Data records
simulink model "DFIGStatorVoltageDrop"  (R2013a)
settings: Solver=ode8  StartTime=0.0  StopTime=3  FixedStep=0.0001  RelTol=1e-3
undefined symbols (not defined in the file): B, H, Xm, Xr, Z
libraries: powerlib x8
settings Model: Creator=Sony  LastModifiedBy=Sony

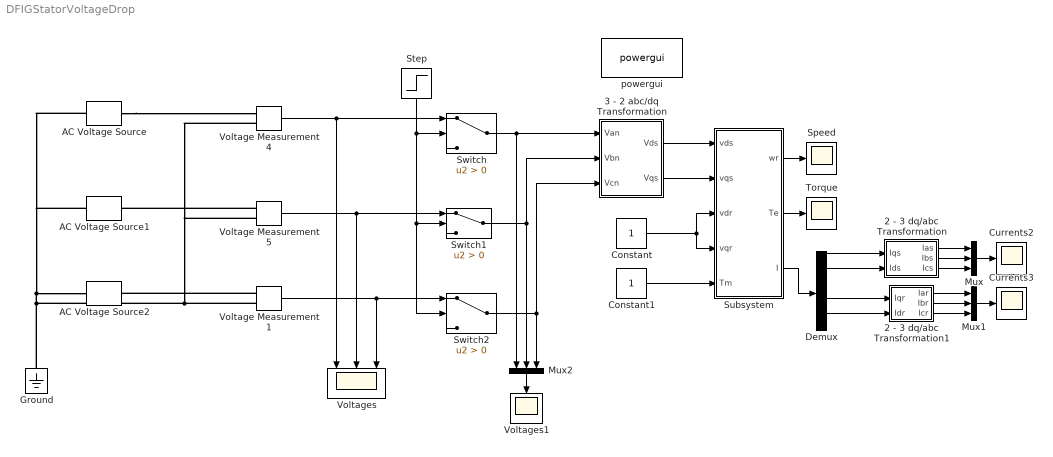
== system DFIGStatorVoltageDrop ==
  2 - 3 dq/abc Transformation : Subsystem
  2 - 3 dq/abc Transformation1 : Subsystem
  3 - 2 abc/dq Transformation : Subsystem
  AC Voltage Source : powerlib/Electrical Sources/AC Voltage Source  Amplitude=310.268700753  Phase=90  Frequency=50  SampleTime=0  Measurements=None
  AC Voltage Source1 : powerlib/Electrical Sources/AC Voltage Source  Amplitude=310.268700753  Phase=-30  Frequency=50  SampleTime=0  Measurements=None
  AC Voltage Source2 : powerlib/Electrical Sources/AC Voltage Source  Amplitude=310.268700753  Phase=-150  Frequency=50  SampleTime=0  Measurements=None
  Constant : Constant
  Constant1 : Constant
  Currents2 : Scope
      settings: SaveName=ScopeData2
  Currents3 : Scope
      settings: SaveName=ScopeData3
  Demux : Demux  Outputs=6
  Ground : powerlib/Elements/Ground  LConnTagsString=a
  Mux : Mux  Inputs=3
  Mux1 : Mux  Inputs=3
  Mux2 : Mux  Inputs=3
  Speed : Scope
      settings: SaveName=ScopeData4
  Step : Step  Time=2  Before=1  After=0  SampleTime=0
  Subsystem : Subsystem
  Switch : Switch  Criteria=u2 > Threshold
  Switch1 : Switch  Criteria=u2 > Threshold
  Switch2 : Switch  Criteria=u2 > Threshold
  Torque : Scope
      settings: SaveName=ScopeData5
  Voltage Measurement1 : powerlib/Measurements/Voltage Measurement  PhasorSimulation=off  OutputType=Complex  PSBequivalent=0
  Voltage Measurement4 : powerlib/Measurements/Voltage Measurement  PhasorSimulation=off  OutputType=Complex  PSBequivalent=0
  Voltage Measurement5 : powerlib/Measurements/Voltage Measurement  PhasorSimulation=off  OutputType=Complex  PSBequivalent=0
  Voltages : Scope  NumInputPorts=3
      settings: YMin=-5~-5~-5  YMax=5~5~5
  Voltages1 : Scope
  powergui : powerlib/powergui  Priority=1  SimulationMode=Continuous  SolverType=Tustin  SampleTime=50e-6  frequency=50  SPID=off  DisableSnubberDevices=off  DisableRonSwitches=off  DisableVfSwitches=off  SwTol=0  Interpol=off  DisplayEquations=off  frequencyindice=50  Pbase=100e6  ErrMax=1e-4  Iterations=50  UnitsV=kV  UnitsW=MW  FunctionMessages=off  echomessages=off  HookPort=off  EnableUseOfTLC=off  x0status=blocks  RestoreLinks=warning  ResistiveCurrentMeasurement=off  Frange=[0:2:500]  Ylog=off  Xlog=on  ShowGrid=off  save=off  variable=ZData  ZoomFFT=off  StartTime=0.0  cycles=1  DisplayStyle=1  fundamental=60  FreqAxis=off  MaxFrequency=1000  frequencyindicesteady=1  RmsSteady=1  display=off  Ts=0  methode=off
  wires:
  Voltage Measurement1/1 -> Switch2/1, Voltages/3
  Voltage Measurement5/1 -> Voltages/2, Switch1/1
  Switch/1 -> Mux2/1, 3 - 2 abc/dq Transformation/1(Van)
  Switch2/1 -> Mux2/3, 3 - 2 abc/dq Transformation/3(Vcn)
  Switch1/1 -> 3 - 2 abc/dq Transformation/2(Vbn), Mux2/2
  Step/1 -> Switch/2, Switch2/2, Switch1/2
  Voltage Measurement4/1 -> Switch/1, Voltages/1
  3 - 2 abc/dq Transformation/1(Vds) -> Subsystem/1(vds)
  3 - 2 abc/dq Transformation/2(Vqs) -> Subsystem/2(vqs)
  Subsystem/3(I) -> Demux/1
  Demux/1 -> 2 - 3 dq/abc Transformation/1(Iqs)
  Demux/2 -> 2 - 3 dq/abc Transformation/2(Ids)
  Demux/4 -> 2 - 3 dq/abc Transformation1/1(Iqr)
  Demux/5 -> 2 - 3 dq/abc Transformation1/2(Idr)
  2 - 3 dq/abc Transformation/1(Ias) -> Mux/1
  2 - 3 dq/abc Transformation/2(Ibs) -> Mux/2
  2 - 3 dq/abc Transformation/3(Ics) -> Mux/3
  2 - 3 dq/abc Transformation1/1(Iar) -> Mux1/1
  2 - 3 dq/abc Transformation1/2(Ibr) -> Mux1/2
  2 - 3 dq/abc Transformation1/3(Icr) -> Mux1/3
  Mux/1 -> Currents2/1
  Mux1/1 -> Currents3/1
  Constant/1 -> Subsystem/4(vqr), Subsystem/3(vdr)
  Subsystem/1(wr) -> Speed/1
  Subsystem/2(Te) -> Torque/1
  Mux2/1 -> Voltages1/1
  Constant1/1 -> Subsystem/5(Tm)
  connections:
  Voltage Measurement1/LConn2 -- Voltage Measurement5/LConn2 -- Voltage Measurement4/LConn2 -- Ground/LConn1 -- AC Voltage Source1/LConn1 -- AC Voltage Source/LConn1 -- AC Voltage Source2/LConn1
  AC Voltage Source/RConn1 -- Voltage Measurement4/LConn1
  Voltage Measurement1/LConn1 -- AC Voltage Source2/RConn1
  Voltage Measurement5/LConn1 -- AC Voltage Source1/RConn1

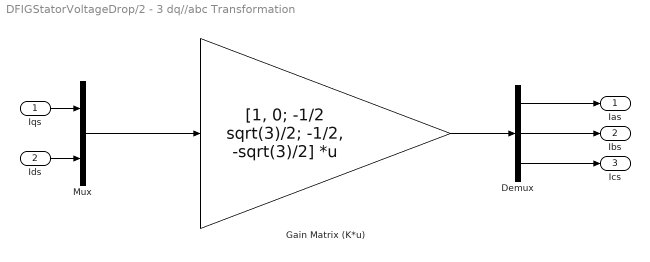
== system DFIGStatorVoltageDrop/2 - 3 dq//abc Transformation ==
  Iqs : Inport
  Ids : Inport  Port=2
  Demux : Demux  Outputs=3
  Gain Matrix (K*u) : Gain  Gain=[1, 0; -1/2 sqrt(3)/2; -1/2, -sqrt(3)/2]  Multiplication=Matrix(K*u)
  Mux : Mux  Inputs=2
  Ias : Outport
  Ibs : Outport  Port=2
  Ics : Outport  Port=3
  wires:
  Mux/1 -> Gain Matrix (K*u)/1
  Gain Matrix (K*u)/1 -> Demux/1
  Demux/2 -> Ibs/1
  Demux/1 -> Ias/1
  Demux/3 -> Ics/1
  Iqs/1 -> Mux/1
  Ids/1 -> Mux/2

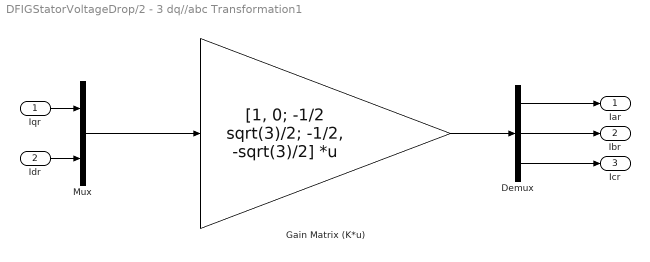
== system DFIGStatorVoltageDrop/2 - 3 dq//abc Transformation1 ==
  Iqr : Inport
  Idr : Inport  Port=2
  Demux : Demux  Outputs=3
  Gain Matrix (K*u) : Gain  Gain=[1, 0; -1/2 sqrt(3)/2; -1/2, -sqrt(3)/2]  Multiplication=Matrix(K*u)
  Mux : Mux  Inputs=2
  Iar : Outport
  Ibr : Outport  Port=2
  Icr : Outport  Port=3
  wires:
  Mux/1 -> Gain Matrix (K*u)/1
  Gain Matrix (K*u)/1 -> Demux/1
  Demux/2 -> Ibr/1
  Demux/1 -> Iar/1
  Demux/3 -> Icr/1
  Iqr/1 -> Mux/1
  Idr/1 -> Mux/2

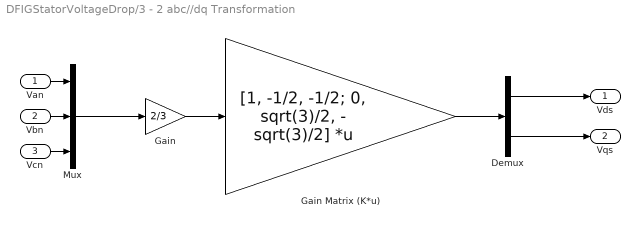
== system DFIGStatorVoltageDrop/3 - 2 abc//dq Transformation ==
  Van : Inport
  Vbn : Inport  Port=2
  Vcn : Inport  Port=3
  Demux : Demux  Outputs=2
  Gain : Gain  Gain=2/3
  Gain Matrix (K*u) : Gain  Gain=[1, -1/2, -1/2; 0, sqrt(3)/2, - sqrt(3)/2]  Multiplication=Matrix(K*u)
  Mux : Mux  Inputs=3
  Vds : Outport
  Vqs : Outport  Port=2
  wires:
  Vcn/1 -> Mux/3
  Vbn/1 -> Mux/2
  Van/1 -> Mux/1
  Gain/1 -> Gain Matrix (K*u)/1
  Gain Matrix (K*u)/1 -> Demux/1
  Mux/1 -> Gain/1
  Demux/1 -> Vds/1
  Demux/2 -> Vqs/1

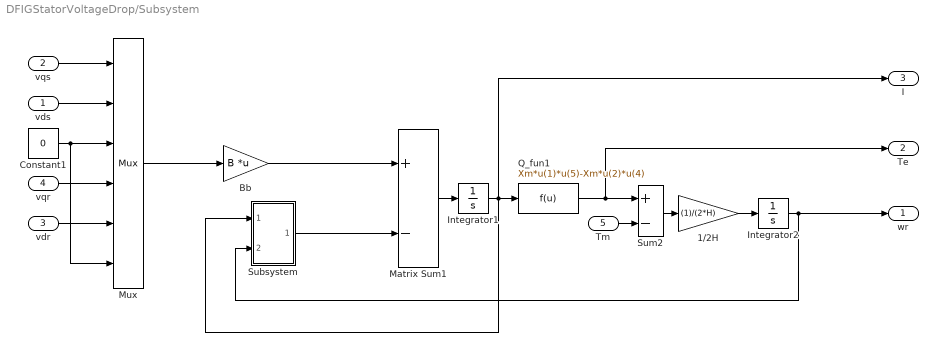
== system DFIGStatorVoltageDrop/Subsystem ==
  vds : Inport
  vqs : Inport  Port=2
  vdr : Inport  Port=3
  vqr : Inport  Port=4
  Tm : Inport  Port=5
  1/2H : Gain  Gain=(1)/(2*H)
  Bb : Gain  Gain=B  Multiplication=Matrix(K*u)
  Constant1 : Constant  Value=0
  Integrator1 : Integrator  InitialCondition=[0; 0; 0; 0; 0; 0]
  Integrator2 : Integrator
  Matrix Sum1 : Sum  Inputs=+-
  Mux : Mux  Inputs=6
  Q_fun1 : Fcn  Expr=Xm*u(1)*u(5)-Xm*u(2)*u(4)
  Subsystem : Subsystem
  Sum2 : Sum  Inputs=+-  SaturateOnIntegerOverflow=on  InputSameDT=on  OutDataTypeStr=Inherit: Same as first input
  wr : Outport
  Te : Outport  Port=2
  I : Outport  Port=3
  wires:
  Sum2/1 -> 1/2H/1
  vqs/1 -> Mux/1
  Matrix Sum1/1 -> Integrator1/1
  Constant1/1 -> Mux/6, Mux/3
  Tm/1 -> Sum2/2
  Q_fun1/1 -> Te/1, Sum2/1
  vds/1 -> Mux/2
  vdr/1 -> Mux/5
  Mux/1 -> Bb/1
  vqr/1 -> Mux/4
  1/2H/1 -> Integrator2/1
  Integrator1/1 -> Subsystem/1(In1), I/1, Q_fun1/1
  Bb/1 -> Matrix Sum1/1
  Integrator2/1 -> Subsystem/2(In2), wr/1
  Subsystem/1(Out1) -> Matrix Sum1/2

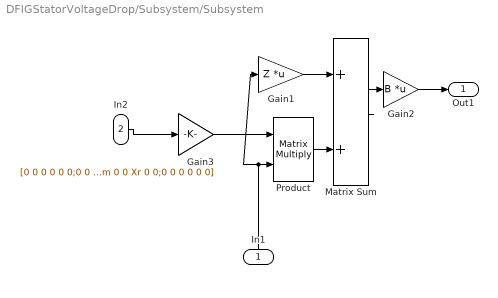
== system DFIGStatorVoltageDrop/Subsystem/Subsystem ==
  In1 : Inport
  In2 : Inport  Port=2
  Gain1 : Gain  Gain=Z  Multiplication=Matrix(K*u)
  Gain2 : Gain  Gain=B  Multiplication=Matrix(K*u)
  Gain3 : Gain  Gain=[0 0 0 0 0 0;0 0 0 0 0 0;0 0 0 0 0 0;0 -Xm 0 0 -Xr 0;Xm 0 0 Xr 0 0;0 0 0 0 0 0]
  Matrix Sum : Sum
  Product : Product  Multiplication=Matrix(*)
  Out1 : Outport
  wires:
  Gain2/1 -> Out1/1
  Product/1 -> Matrix Sum/2
  Matrix Sum/1 -> Gain2/1
  Gain3/1 -> Product/1
  Gain1/1 -> Matrix Sum/1
  In1/1 -> Gain1/1, Product/2
  In2/1 -> Gain3/1

About this exercise: Which of the lines above include the word "Electrical"? List those lines.

Your response:
  AC Voltage Source : powerlib/Electrical Sources/AC Voltage Source  Amplitude=310.268700753  Phase=90  Frequency=50  SampleTime=0  Measurements=None
  AC Voltage Source1 : powerlib/Electrical Sources/AC Voltage Source  Amplitude=310.268700753  Phase=-30  Frequency=50  SampleTime=0  Measurements=None
  AC Voltage Source2 : powerlib/Electrical Sources/AC Voltage Source  Amplitude=310.268700753  Phase=-150  Frequency=50  SampleTime=0  Measurements=None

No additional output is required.